I hosted a slow-dating event at the yoga studio I was teaching at in 2019. I asked my friends if they could share the event with friends of friends. I created a sign-up form, and we ended up with 20 strangers in a room, and that was the first humhum experience. I then started a newsletter because those people asked when the next one was. I quickly pulled together another six events before the pandemic took hold in New York. In mid-March 2020, on the same day, three of our community members asked if we would be hosting humhum virtually. I pivoted our April 2020 event from in-person, into Zoom, and then sold out three virtual events after that because the word of mouth was strong. We then started partnering with dating coaches and communities to host humhum experiences for their clients/humans.

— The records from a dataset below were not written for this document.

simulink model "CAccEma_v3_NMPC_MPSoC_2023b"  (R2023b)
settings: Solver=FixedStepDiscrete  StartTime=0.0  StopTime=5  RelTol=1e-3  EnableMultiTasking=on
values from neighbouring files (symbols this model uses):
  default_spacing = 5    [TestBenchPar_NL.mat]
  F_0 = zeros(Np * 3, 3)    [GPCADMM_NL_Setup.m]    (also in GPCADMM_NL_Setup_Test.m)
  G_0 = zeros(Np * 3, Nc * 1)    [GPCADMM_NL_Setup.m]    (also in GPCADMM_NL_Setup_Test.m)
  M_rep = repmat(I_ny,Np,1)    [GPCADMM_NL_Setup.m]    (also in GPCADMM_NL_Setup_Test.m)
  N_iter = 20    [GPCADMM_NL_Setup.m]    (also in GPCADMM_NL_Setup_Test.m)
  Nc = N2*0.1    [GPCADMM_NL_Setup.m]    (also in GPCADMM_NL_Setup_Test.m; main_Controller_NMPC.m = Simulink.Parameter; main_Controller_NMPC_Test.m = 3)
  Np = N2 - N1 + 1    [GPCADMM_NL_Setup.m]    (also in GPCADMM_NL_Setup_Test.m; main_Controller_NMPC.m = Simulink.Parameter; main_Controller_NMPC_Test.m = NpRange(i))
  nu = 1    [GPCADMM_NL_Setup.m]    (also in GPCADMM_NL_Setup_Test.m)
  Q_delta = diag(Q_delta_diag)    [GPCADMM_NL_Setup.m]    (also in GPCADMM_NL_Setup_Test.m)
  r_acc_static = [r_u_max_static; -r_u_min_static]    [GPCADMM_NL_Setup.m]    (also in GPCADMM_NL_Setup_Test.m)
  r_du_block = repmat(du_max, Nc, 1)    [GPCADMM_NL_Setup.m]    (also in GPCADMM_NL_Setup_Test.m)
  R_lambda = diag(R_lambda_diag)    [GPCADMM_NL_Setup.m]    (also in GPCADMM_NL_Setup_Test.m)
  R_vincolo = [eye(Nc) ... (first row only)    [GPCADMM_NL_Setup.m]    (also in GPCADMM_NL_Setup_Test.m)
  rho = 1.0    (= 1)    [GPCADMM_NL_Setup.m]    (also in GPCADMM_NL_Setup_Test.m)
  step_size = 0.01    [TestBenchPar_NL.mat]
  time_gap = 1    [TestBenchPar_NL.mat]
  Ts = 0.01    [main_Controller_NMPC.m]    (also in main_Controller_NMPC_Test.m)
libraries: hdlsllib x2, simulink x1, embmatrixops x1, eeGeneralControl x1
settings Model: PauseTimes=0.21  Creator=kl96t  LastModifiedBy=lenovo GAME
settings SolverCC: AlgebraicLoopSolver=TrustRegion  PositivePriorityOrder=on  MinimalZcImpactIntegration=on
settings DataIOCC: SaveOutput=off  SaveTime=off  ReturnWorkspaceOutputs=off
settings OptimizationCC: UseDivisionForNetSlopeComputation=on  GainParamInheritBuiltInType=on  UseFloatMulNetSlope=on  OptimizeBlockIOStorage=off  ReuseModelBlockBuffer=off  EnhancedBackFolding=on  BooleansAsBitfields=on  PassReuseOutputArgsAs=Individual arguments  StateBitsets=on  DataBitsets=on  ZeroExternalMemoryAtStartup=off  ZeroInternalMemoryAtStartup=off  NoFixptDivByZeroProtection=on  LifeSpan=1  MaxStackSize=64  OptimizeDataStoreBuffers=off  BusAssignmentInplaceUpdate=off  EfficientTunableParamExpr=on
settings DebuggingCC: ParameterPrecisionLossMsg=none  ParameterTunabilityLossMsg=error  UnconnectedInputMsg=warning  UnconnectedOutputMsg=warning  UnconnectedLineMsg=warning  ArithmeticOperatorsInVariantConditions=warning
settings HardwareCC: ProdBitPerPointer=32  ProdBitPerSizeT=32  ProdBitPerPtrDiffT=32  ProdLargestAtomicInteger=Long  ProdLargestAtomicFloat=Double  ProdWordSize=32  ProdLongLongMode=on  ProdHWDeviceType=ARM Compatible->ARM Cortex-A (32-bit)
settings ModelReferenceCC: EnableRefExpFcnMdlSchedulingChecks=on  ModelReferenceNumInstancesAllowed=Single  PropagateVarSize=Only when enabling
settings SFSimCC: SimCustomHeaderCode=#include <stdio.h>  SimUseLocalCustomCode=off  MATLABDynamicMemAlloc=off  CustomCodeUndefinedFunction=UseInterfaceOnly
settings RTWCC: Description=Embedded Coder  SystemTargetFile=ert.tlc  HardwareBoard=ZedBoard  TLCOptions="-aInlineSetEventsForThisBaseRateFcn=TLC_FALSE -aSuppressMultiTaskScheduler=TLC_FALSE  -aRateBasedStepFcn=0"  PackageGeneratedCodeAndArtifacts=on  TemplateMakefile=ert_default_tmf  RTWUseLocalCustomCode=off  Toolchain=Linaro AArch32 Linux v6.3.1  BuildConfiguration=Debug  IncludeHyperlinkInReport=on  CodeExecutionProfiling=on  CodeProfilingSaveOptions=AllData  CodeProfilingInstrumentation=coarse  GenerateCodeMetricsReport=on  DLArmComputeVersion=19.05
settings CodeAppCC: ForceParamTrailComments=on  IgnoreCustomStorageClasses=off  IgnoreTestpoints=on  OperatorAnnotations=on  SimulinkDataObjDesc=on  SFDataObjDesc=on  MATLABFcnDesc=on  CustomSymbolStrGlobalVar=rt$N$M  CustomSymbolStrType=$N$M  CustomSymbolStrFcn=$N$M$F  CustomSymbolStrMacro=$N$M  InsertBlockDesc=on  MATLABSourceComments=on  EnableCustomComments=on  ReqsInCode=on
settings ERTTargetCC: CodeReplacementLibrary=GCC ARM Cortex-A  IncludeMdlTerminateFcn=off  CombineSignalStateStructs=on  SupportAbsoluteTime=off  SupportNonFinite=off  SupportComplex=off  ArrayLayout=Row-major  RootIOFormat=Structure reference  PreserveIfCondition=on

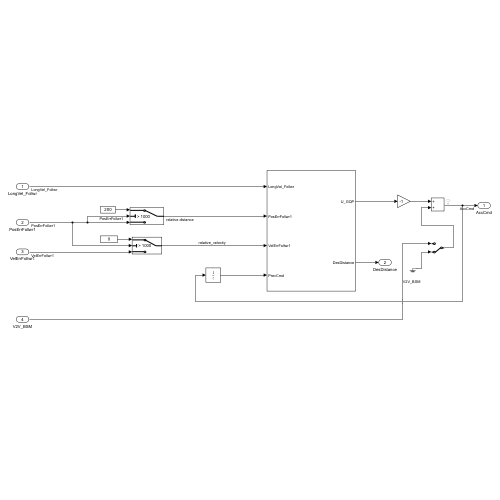
[thumbnail: Simulink's stored preview of the top-level diagram]
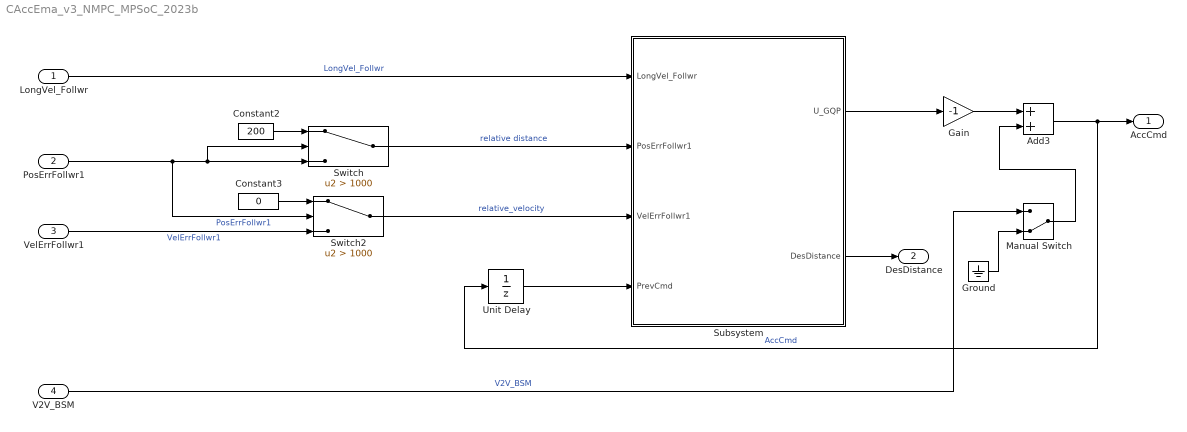
== system CAccEma_v3_NMPC_MPSoC_2023b ==
  LongVel_Follwr : Inport  OutMin=-15  OutMax=42  PortDimensions=1
  PosErrFollwr1 : Inport  Port=2  OutMin=-200  OutMax=200  PortDimensions=1
  VelErrFollwr1 : Inport  Port=3  OutMin=-15  OutMax=42  OutDataTypeStr=double  PortDimensions=1
  V2V_BSM : Inport  Port=4  OutMin=-6  OutMax=3.5
  Add3 : Sum
  Constant2 : Constant  Value=200  SampleTime=-1
  Constant3 : Constant  Value=0  SampleTime=-1
  Gain : Gain  Gain=-1
  Ground : Ground
  Manual Switch : ManualSwitch  CurrentSetting=0
  Subsystem : Subsystem
  Switch : Switch  Criteria=u2 > Threshold  Threshold=1000  SaturateOnIntegerOverflow=off  InputSameDT=off
  Switch2 : Switch  Criteria=u2 > Threshold  Threshold=1000  SaturateOnIntegerOverflow=off  InputSameDT=off
  Unit Delay : UnitDelay  SampleTime=-1  HasFrameUpgradeWarning=on
  AccCmd : Outport  OutMin=-6  OutMax=3.5
  DesDistance : Outport  Port=2  OutMin=-100  OutMax=100
  wires:
  Subsystem/2(DesDistance) -> DesDistance/1
  PosErrFollwr1/1 -> Switch/2, Switch/3, Switch2/2  "PosErrFollwr1"
  Unit Delay/1 -> Subsystem/4(PrevCmd)
  Ground/1 -> Manual Switch/2
  Add3/1 -> Unit Delay/1, AccCmd/1  "AccCmd"
  Switch2/1 -> Subsystem/3(VelErrFollwr1)  "relative_velocity"
  Manual Switch/1 -> Add3/2
  Constant3/1 -> Switch2/1
  VelErrFollwr1/1 -> Switch2/3  "VelErrFollwr1"
  Gain/1 -> Add3/1
  V2V_BSM/1 -> Manual Switch/1  "V2V_BSM"
  Switch/1 -> Subsystem/2(PosErrFollwr1)  "relative distance"
  LongVel_Follwr/1 -> Subsystem/1(LongVel_Follwr)  "LongVel_Follwr"
  Subsystem/1(U_GQP) -> Gain/1
  Constant2/1 -> Switch/1

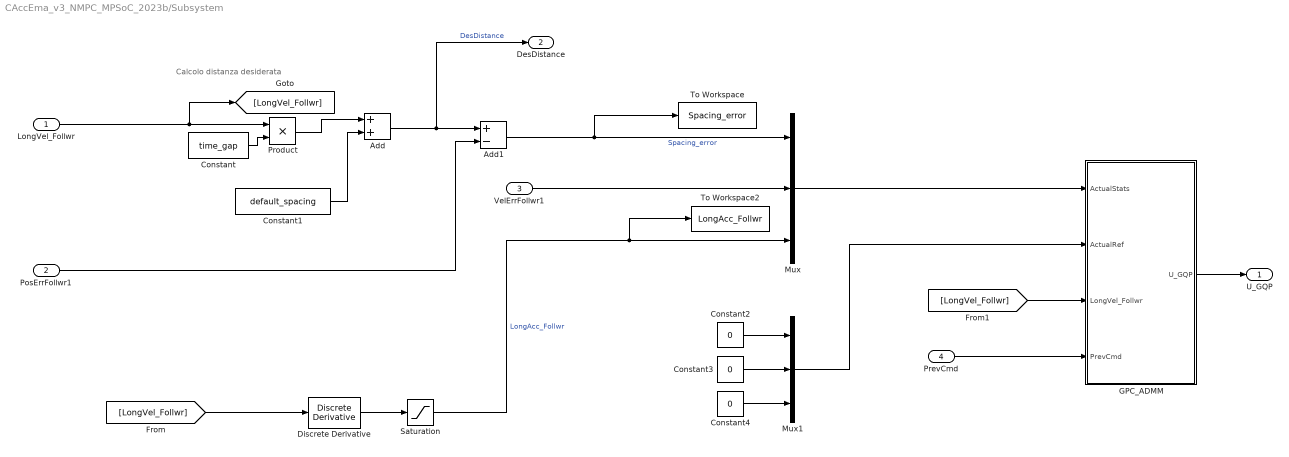
== system CAccEma_v3_NMPC_MPSoC_2023b/Subsystem ==
  note: Calcolo distanza desiderata
  LongVel_Follwr : Inport
  PosErrFollwr1 : Inport  Port=2
  VelErrFollwr1 : Inport  Port=3
  PrevCmd : Inport  Port=4
  Add : Sum
  Add1 : Sum  Inputs=+-
  Constant : Constant  Value=time_gap
  Constant1 : Constant  Value=default_spacing
  Constant2 : Constant  Value=0
  Constant3 : Constant  Value=0
  Constant4 : Constant  Value=0
  Discrete Derivative : simulink/Discrete/Discrete Derivative  gainval=1.0  ICPrevScaledInput=0.0  OutMin=[]  OutMax=[]  OutDataType=fixdt(1, 16)  OutScaling=2^-10  DoSatur=off
  GPC_ADMM : Subsystem  TreatAsAtomicUnit=on
  Mux : Mux  Inputs=3
  Mux1 : Mux  Inputs=3
  Product : Product
  Saturation : Saturate  UpperLimit=10  LowerLimit=-10  OutDataTypeStr=double
  To Workspace : ToWorkspace  VariableName=Spacing_error  SaveFormat=Timeseries  SampleTime=-1
  To Workspace2 : ToWorkspace  VariableName=LongAcc_Follwr  SaveFormat=Timeseries  SampleTime=-1
  U_GQP : Outport
  DesDistance : Outport  Port=2
  wires:
  Saturation/1 -> Mux/3, To Workspace2/1  "LongAcc_Follwr"
  Add1/1 -> To Workspace/1, Mux/1  "Spacing_error"
  Product/1 -> Add/1
  Discrete Derivative/1 -> Saturation/1
  [LongVel_Follwr] -> Discrete Derivative/1
  Add/1 -> DesDistance/1, Add1/1  "DesDistance"
  Constant3/1 -> Mux1/2
  Constant1/1 -> Add/2
  Mux1/1 -> GPC_ADMM/2(ActualRef)
  Constant2/1 -> Mux1/1
  Constant4/1 -> Mux1/3
  Constant/1 -> Product/2
  PrevCmd/1 -> GPC_ADMM/4(PrevCmd)
  Mux/1 -> GPC_ADMM/1(ActualStats)
  GPC_ADMM/1(U_GQP) -> U_GQP/1
  PosErrFollwr1/1 -> Add1/2
  LongVel_Follwr/1 -> [LongVel_Follwr], Product/1
  VelErrFollwr1/1 -> Mux/2
  [LongVel_Follwr] -> GPC_ADMM/3(LongVel_Follwr)

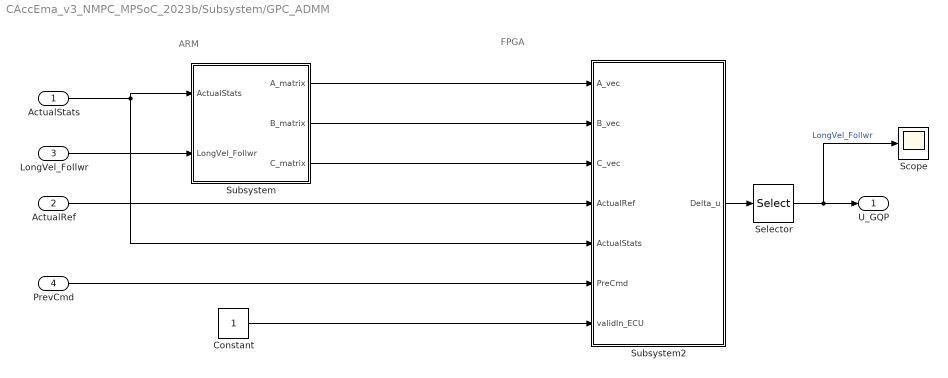
== system CAccEma_v3_NMPC_MPSoC_2023b/Subsystem/GPC_ADMM ==
  note: FPGA
  note: ARM
  ActualStats : Inport
  ActualRef : Inport  Port=2
  LongVel_Follwr : Inport  Port=3
  PrevCmd : Inport  Port=4
  Constant : Constant  OutDataTypeStr=boolean
  Scope : Scope
  Selector : Selector  NumberOfDimensions=2  InputPortWidth=3  IndexOptions=Index vector (dialog),Index vector (dialog)  Indices=1,1  OutputSizes=1,1
  Subsystem : Subsystem
  Subsystem2 : Subsystem
  U_GQP : Outport
  wires:
  ActualStats/1 -> Subsystem2/5(ActualStats), Subsystem/1(ActualStats)
  LongVel_Follwr/1 -> Subsystem/2(LongVel_Follwr)
  Subsystem/1(A_matrix) -> Subsystem2/1(A_vec)
  Subsystem/2(B_matrix) -> Subsystem2/2(B_vec)
  Subsystem/3(C_matrix) -> Subsystem2/3(C_vec)
  ActualRef/1 -> Subsystem2/4(ActualRef)
  PrevCmd/1 -> Subsystem2/6(PreCmd)
  Subsystem2/1(Delta_u) -> Selector/1
  Constant/1 -> Subsystem2/7(validIn_ECU)
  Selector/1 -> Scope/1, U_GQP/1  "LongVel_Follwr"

Tell us about your experience fundraising so far.

Learning who is really interested and who is just being polite is a practice of discernment. Also, when an investor has super clear criteria and metrics, it's a lot easier to know if we are in the range of their thesis or not. The LAUNCH team made it clear what was required to get funding. When we hit those benchmarks, we let them know. Funding after that has been for me about values alignment. We had an angel investor come in who believed in our mission and saw the potential of our business. Over time, we learned to describe humhum as a mental-wellness brand rather than a dating brand; there's a lot of skepticism with dating apps and companies, and since we have a completely different approach, it wasn't helping us to be affiliated with the existing dating industry.

What has been the most difficult part of your founder journey?

As a solo founder, surrounding myself with a strong team has been critical. There have been points it has felt lonely. The hat switching, and knowing how to prioritize my time to move the needle most effectively where it counts is an art.

What has been the most rewarding part of your founder journey?

Seeing people interact with what we've built, and getting delight from it is satisfying. Hearing our community tell us how they're dating differently because of humhum is inspiring.